Reference

Router

The Router block uses a model to choose one of several paths based on the content it reads. Each route you define adds its own output port, and the model picks the route whose description best fits. Use it when the decision needs to understand intent or unstructured text. When the decision is a plain rule, use a Condition instead.

Router
Context-
route 1-
error

Router vs Condition. A Router reads context with a model and picks a route by meaning, so it suits intent-based routing ("send this ticket to the right team") and varying text. A Condition evaluates boolean expressions with no model, so it suits structured data and exact rules. The Router costs tokens per run; the Condition is free and faster.

Configuration

Context

The text the Router analyzes to decide. Usually an earlier output, like <start.input> or <agent.content>.

Routes

Each route is a title and a description of when to choose it ("Route here for pricing and purchasing questions"). Every route adds a separate output port on the block; connect each to the path for that route. The model reads the context and selects the route whose description fits best.

Model

The model that makes the decision, defaulting to claude-sonnet-4-6. Stronger reasoning models route more accurately; a faster, cheaper model is fine when the routes are clearly distinct.
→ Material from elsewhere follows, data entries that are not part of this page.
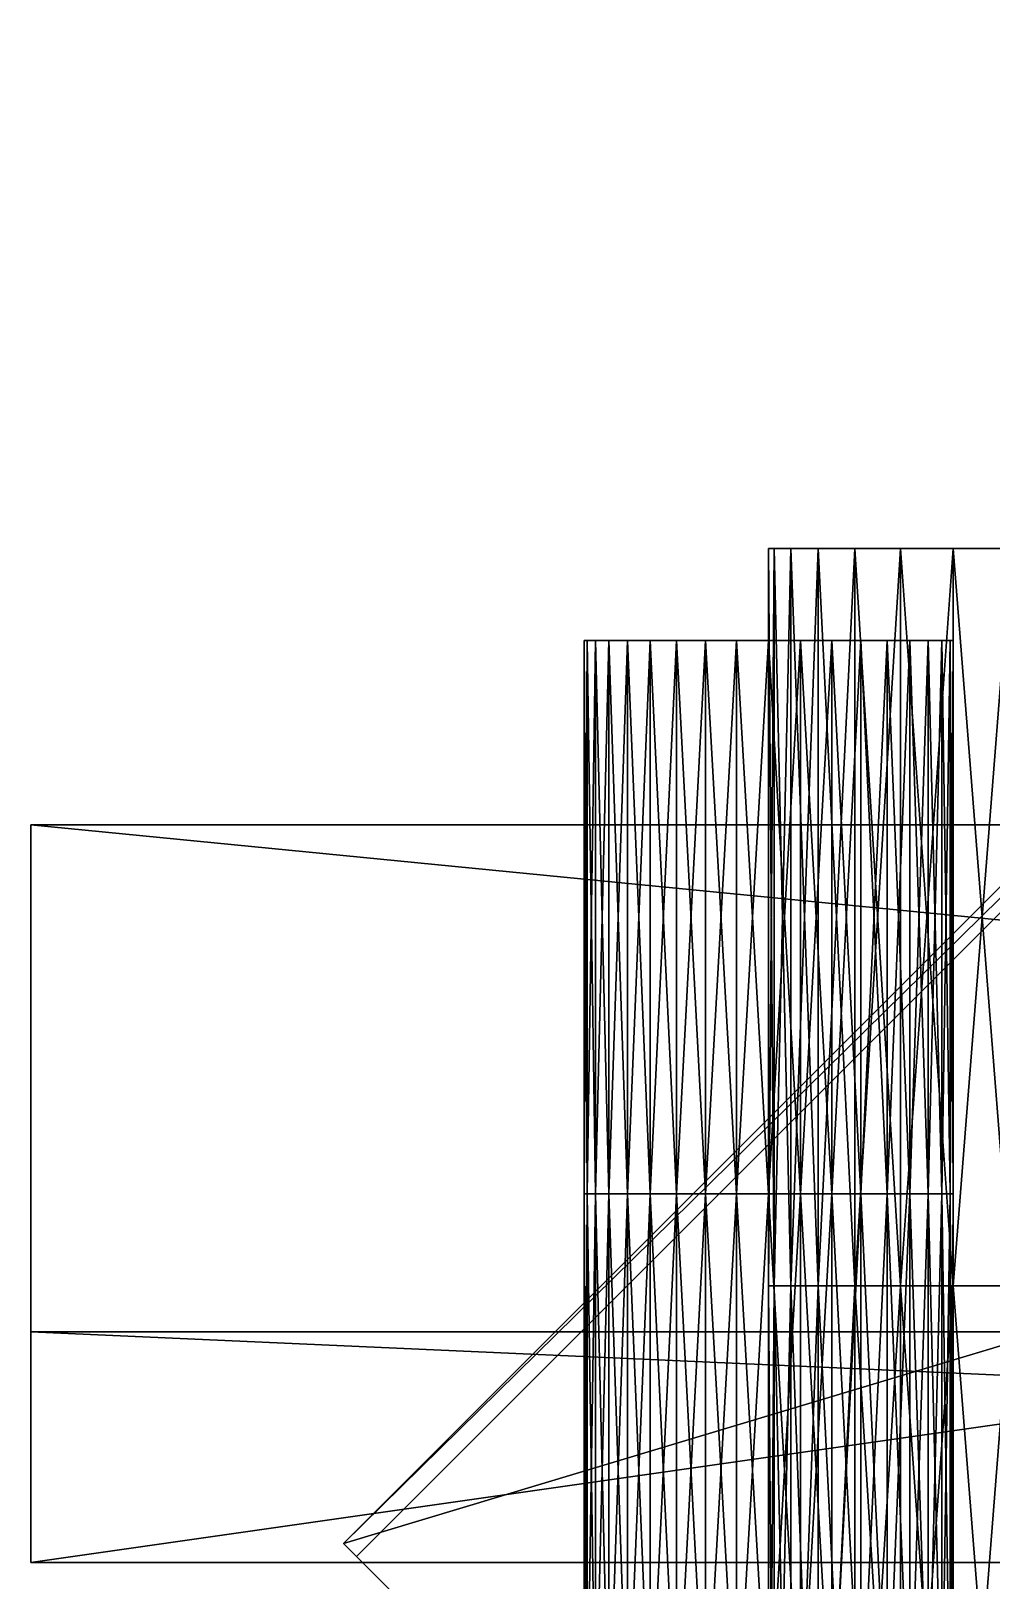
# Model space of a CAD drawing. Header units: metres. Extents: x -7 to 7, y -6 to 6.4.
# Drawn here: x -7 to -4.397, y 2.202 to 6.403 of the extents above; entities that cross this region are included whole.
import ezdxf

# ---------------------------------------------------------------- set-up
doc = ezdxf.new("R2010")
doc.units = ezdxf.units.M

msp = doc.modelspace()

# ---------------------------------------------------------------- linework, layer by layer
at = {"layer": 'Cube'}
for points in [[(-7, 4.25, 0.2), (7, 2.875, 0.175), (-7, 2.875, 0.175)], [(-7, 4.25, 0.2), (7, 4.25, 0.2), (7, 2.875, 0.175)], [(-7, 4.25, -0.2), (7, 4.25, 0.2), (-7, 4.25, 0.2)], [(-7, 4.25, -0.2), (7, 4.25, -0.2), (7, 4.25, 0.2)], [(-7, 2.25, -0.2), (7, 4.25, -0.2), (-7, 4.25, -0.2)], [(-7, 2.25, -0.2), (7, 2.25, -0.2), (7, 4.25, -0.2)], [(-7, 4.25, -0.2), (-7, 4.25, 0.2), (-7, 2.875, 0.175)], [(-7, 2.875, 0.175), (-7, 2.25, -0.2), (-7, 4.25, -0.2)], [(-7, 2.875, 0.175), (7, 2.25, -0.2), (-7, 2.25, -0.2)], [(-7, 2.875, 0.175), (7, 2.875, 0.175), (7, 2.25, -0.2)]]:
    msp.add_3dface(points, dxfattribs=at)
at = {"layer": 'Cylinder 7'}
for points in [[(-5.5, 3.25, 0), (-5.4924, 4.75, 0.0868), (-5.4924, 3.25, 0.0868)], [(-5.5, 3.25, 0), (-5.5, 4.75, 0), (-5.4924, 4.75, 0.0868)], [(-5.5, 4.75, 0), (-5.4924, 4.75, 0.0868), (-5.4924, 4.75, 0.0868)], [(-5.5, 4.75, 0), (-5.5, 4.75, 0), (-5.4924, 4.75, 0.0868)], [(-5.5, 4.75, 0), (-5, 4.75, 0), (-5.4924, 4.75, 0.0868)], [(-5.5, 4.75, 0), (-5, 4.75, 0), (-5, 4.75, 0)], [(-5.4924, 3.25, -0.0868), (-5.5, 4.75, 0), (-5.5, 3.25, 0)], [(-5.4924, 3.25, -0.0868), (-5.4924, 4.75, -0.0868), (-5.5, 4.75, 0)], [(-5.4924, 4.75, -0.0868), (-5.5, 4.75, 0), (-5.5, 4.75, 0)], [(-5.4924, 4.75, -0.0868), (-5.4924, 4.75, -0.0868), (-5.5, 4.75, 0)], [(-5.4924, 4.75, -0.0868), (-5, 4.75, 0), (-5.5, 4.75, 0)], [(-5.4924, 3.25, 0.0868), (-5.4698, 4.75, 0.171), (-5.4698, 3.25, 0.171)], [(-5.4924, 3.25, 0.0868), (-5.4924, 4.75, 0.0868), (-5.4698, 4.75, 0.171)], [(-5.4924, 4.75, 0.0868), (-5.4698, 4.75, 0.171), (-5.4698, 4.75, 0.171)], [(-5.4924, 4.75, 0.0868), (-5.4924, 4.75, 0.0868), (-5.4698, 4.75, 0.171)], [(-5.4924, 4.75, 0.0868), (-5, 4.75, 0), (-5.4698, 4.75, 0.171)], [(-5.4924, 4.75, 0.0868), (-5, 4.75, 0), (-5, 4.75, 0)], [(-5.4924, 4.75, -0.0868), (-5, 4.75, 0), (-5, 4.75, 0)], [(-5.4698, 3.25, -0.171), (-5.4924, 4.75, -0.0868), (-5.4924, 3.25, -0.0868)], [(-5.4698, 3.25, -0.171), (-5.4698, 4.75, -0.171), (-5.4924, 4.75, -0.0868)], [(-5.4698, 4.75, -0.171), (-5.4924, 4.75, -0.0868), (-5.4924, 4.75, -0.0868)], [(-5.4698, 4.75, -0.171), (-5.4698, 4.75, -0.171), (-5.4924, 4.75, -0.0868)], [(-5.4698, 4.75, -0.171), (-5, 4.75, 0), (-5.4924, 4.75, -0.0868)], [(-5.4698, 3.25, 0.171), (-5.433, 4.75, 0.25), (-5.433, 3.25, 0.25)], [(-5.4698, 3.25, 0.171), (-5.4698, 4.75, 0.171), (-5.433, 4.75, 0.25)], [(-5.4698, 4.75, 0.171), (-5.433, 4.75, 0.25), (-5.433, 4.75, 0.25)], [(-5.4698, 4.75, 0.171), (-5.4698, 4.75, 0.171), (-5.433, 4.75, 0.25)], [(-5.4698, 4.75, 0.171), (-5, 4.75, 0), (-5.433, 4.75, 0.25)], [(-5.4698, 4.75, 0.171), (-5, 4.75, 0), (-5, 4.75, 0)], [(-5.4698, 4.75, -0.171), (-5, 4.75, 0), (-5, 4.75, 0)], [(-5.433, 3.25, -0.25), (-5.4698, 4.75, -0.171), (-5.4698, 3.25, -0.171)], [(-5.433, 3.25, -0.25), (-5.433, 4.75, -0.25), (-5.4698, 4.75, -0.171)], [(-5.433, 4.75, -0.25), (-5.4698, 4.75, -0.171), (-5.4698, 4.75, -0.171)], [(-5.433, 4.75, -0.25), (-5.433, 4.75, -0.25), (-5.4698, 4.75, -0.171)], [(-5.433, 4.75, -0.25), (-5, 4.75, 0), (-5.4698, 4.75, -0.171)], [(-5.433, 3.25, 0.25), (-5.383, 4.75, 0.3214), (-5.383, 3.25, 0.3214)], [(-5.433, 3.25, 0.25), (-5.433, 4.75, 0.25), (-5.383, 4.75, 0.3214)], [(-5.433, 4.75, 0.25), (-5.383, 4.75, 0.3214), (-5.383, 4.75, 0.3214)], [(-5.433, 4.75, 0.25), (-5.433, 4.75, 0.25), (-5.383, 4.75, 0.3214)], [(-5.433, 4.75, 0.25), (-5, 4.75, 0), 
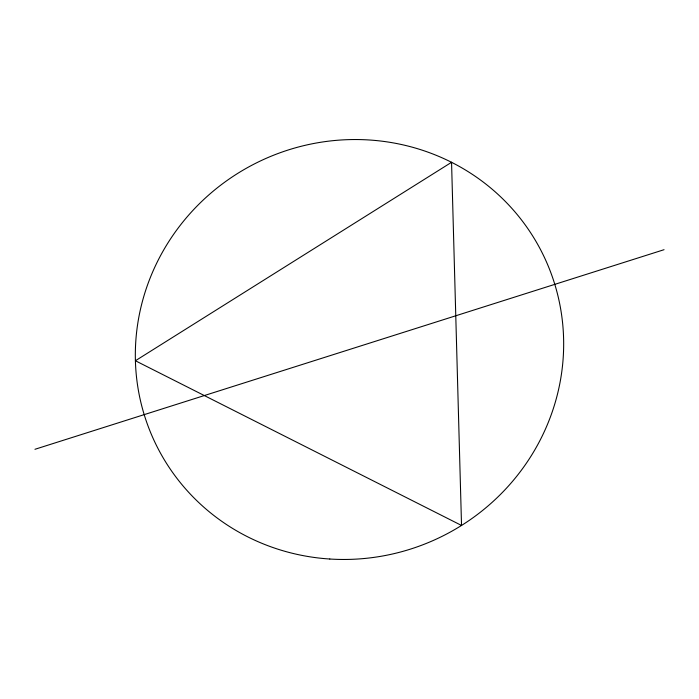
<?xml version="1.0" encoding="UTF-8"?>
<svg xmlns="http://www.w3.org/2000/svg" width="699" height="699" viewBox="0 0 699 699"><rect width="100%" height="100%" fill="white"/><g stroke="black" fill="none" stroke-linecap="round" stroke-linejoin="round"><path stroke-width="1.05" d="M34.95 449.291L664.05 249.7M451.554 162.299L135.405 360.754L461.532 525.447L451.554 162.299M329.806 559.017A215.572 208.52 -26.7 0 0 544.032 256.62A215.572 208.52 -26.7 0 0 174.654 232.863A215.572 208.52 -26.7 0 0 329.806 559.017"/></g></svg>

Type or pick any supported model, or a local one through Ollama or VLLM. On hosted Sim the API key is supplied for you.

Outputs

OutputWhat it is
<router.selectedRoute>The id of the route the model chose
<router.reasoning>A short explanation of why it chose that route
<router.context>The context that was analyzed
<router.model>The model that decided
<router.tokens>Token usage
<router.cost>Estimated cost of the call
<router.selectedPath>The destination block the workflow routed to

When no route fits the context, the Router returns NO_MATCH and takes the error path rather than guessing. Connect the error path for a fallback.

Examples

Triage a support ticket

The Router reads <start.input>, picks the route whose description matches, and runs only that path.

Classify feedback

The Router sorts incoming feedback into product feedback or a bug report, each handled by its own child Workflow block.

Qualify a lead

The Router sends enterprise leads to a sales agent and everyone else into a self-serve onboarding workflow.

Best Practices

  • Write clear, specific route descriptions. The description is what the model matches on, so make the criteria explicit.
  • Keep routes mutually exclusive. Overlapping descriptions make the choice ambiguous and the routing less reliable.
  • Connect the error path. Handle NO_MATCH instead of letting the run fail silently.
  • Reach for Condition when you can. If the decision is a boolean check on structured data, the Condition block is free, faster, and deterministic.

Common Questions

It sends your context and every route description to a model, which selects the route whose description best matches. The model is prompted to prefer choosing a route over returning nothing, and only returns NO_MATCH when the context is unrelated to every route.
The model returns NO_MATCH and the Router directs execution to the error path. Connect an error handler there for graceful fallback rather than letting the workflow fail silently.
Yes. It makes a model call for every routing decision, which consumes tokens. Monitor it with <router.tokens> and <router.cost>. If your routing can be expressed as boolean conditions, use the Condition block instead — it is free and faster.
Yes. The reasoning output (<router.reasoning>) contains a brief explanation of why the selected route was chosen, which is useful for debugging routing decisions.
There is no hard limit, and each route adds its own output port. Keep in mind that more routes with overlapping descriptions are harder for the model to distinguish, so aim for clear, mutually exclusive routes.